Toplumların ve grupların sınanmaları

Diğer yandan toplu sınanmalardan geçiyoruz: Yüce Rabbimiz bize tarihten bir hikâye anlatır: Vaktiyle Mısır-Filistin arasındaki topraklarda yerleşik olan Amalika ülkesinin kralı Câlut’tur. İsrailoğullarının içinde Hz. Davut (as) görev başındadır ve Câlut ile savaşacak ordunun komutanı da Tâlût’tur. Tâlût, Allah’tan gelen emri askerlerine iletir. “Bakın” der, “Allah sizi şimdi bir nehirle sınayacak. Ondan doyasıya içen benden olmayacak, ondan içmeyen ise benden olacak. Ondan sadece bir avuç dolusu içen ise affa mazhar olacak.”
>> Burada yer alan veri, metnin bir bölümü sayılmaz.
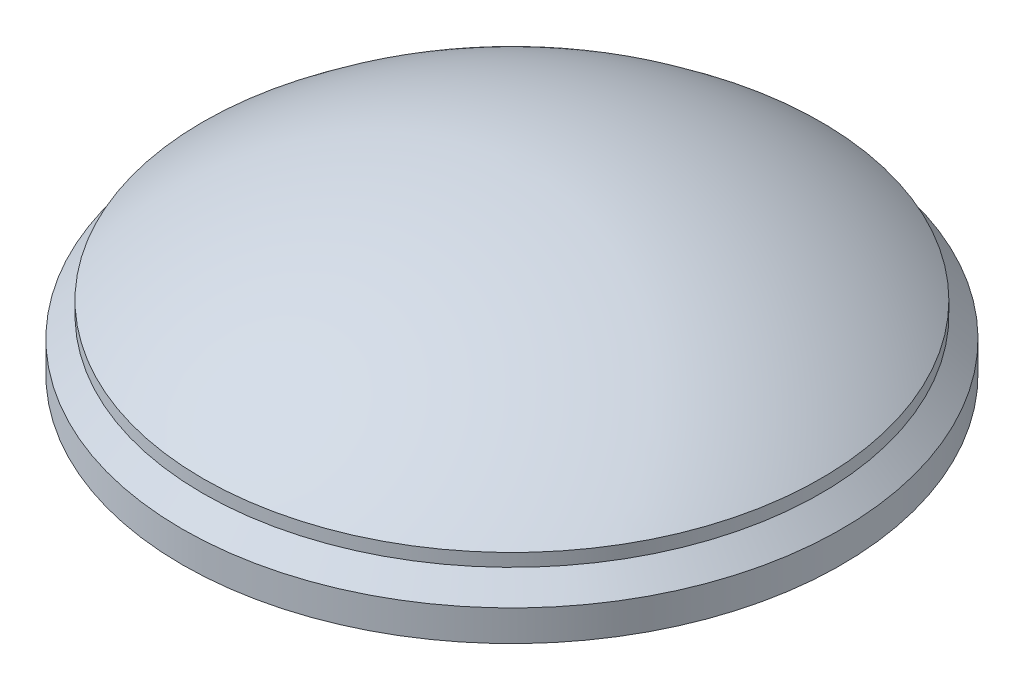
from build123d import *


with BuildPart() as part:
    # Sketch1 → Revolve1 (revolve)
    with BuildSketch(Plane.XY, mode=Mode.PRIVATE) as revolve1_sk:
        with BuildLine():
            Line((-64, 16), (-56, 16))
            Line((-56, 16), (-56, 18.790689802))
            ThreePointArc((-56, 18.790689802), (-29.913629212, 34.407796248), (0, 39.845400687))
            Line((0, 39.845400687), (0, 49.845400687))
            ThreePointArc((0, 49.845400687), (-31.841899011, 44.350112671), (-60, 28.5))
            Line((-60, 28.5), (-60, 26))
            Line((-60, 26), (-64, 22))
            Line((-64, 22), (-64, 16))
        make_face()
    revolve(revolve1_sk.sketch.rotate(Axis((0, 289.417577788, 0), (0, -1, 0)), 270), axis=Axis((0, 289.417577788, 0), (0, -1, 0)))


solid = part.part

Nehre vardıklarında, askerlerin pek azı dışında hepsi ondan kana kana içtiler de güçlerini yitirip acizleştiler. Buna rağmen Tâlût ayakta dipdiri kalan bir avuç sadık askeriyle Câlut’un ordusunu yendi. (Bakara/249) Kuranı Kerim’de, İsrailoğullarının inekle, Hz. Salih’in (as) kavminin dişi deveyle denenmesi de milletçe yaşanan sınanmalara örnek olarak verilir.

Bugün İslam âlemi olarak da, Türkiye halkı olarak da kitlesel sınanma halindeyiz.  Allah bir deprem gönderdiğinde tepkimiz ne oluyor? Bir televizyon dizisinde ahlâkımız ve değerlerimiz hakarete uğradığında nasıl bir tepki gösteriyoruz? Sınanmalarımıza konu olan olaylara gösterdiğimiz tepkiler sınanmamızın sonucu olarak kayda giriyor.

Bu noktada zihnimize pekçok soru hücum ediyor: Sınandığımızı nasıl anlayabiliriz? Sınavı nasıl kazanır veya kaybederiz? Sınavı kaybedişin ne tür sonuçları olabilir? Hangi alanlarda nasıl sınanıyor olabiliriz? Sözümüzle, zannımızla, sevgimizle, malımız, ailemizle ve insanlarla sınandığımızda ne yapmamız gerekir? Bu tür sorulara cevaplarımızı nasipse gelecek yazılara bırakalım. Yüce Sahibimiz lütfuyla bizi bu büyük imtihanı kazanmayı başaran kullarından kılsın.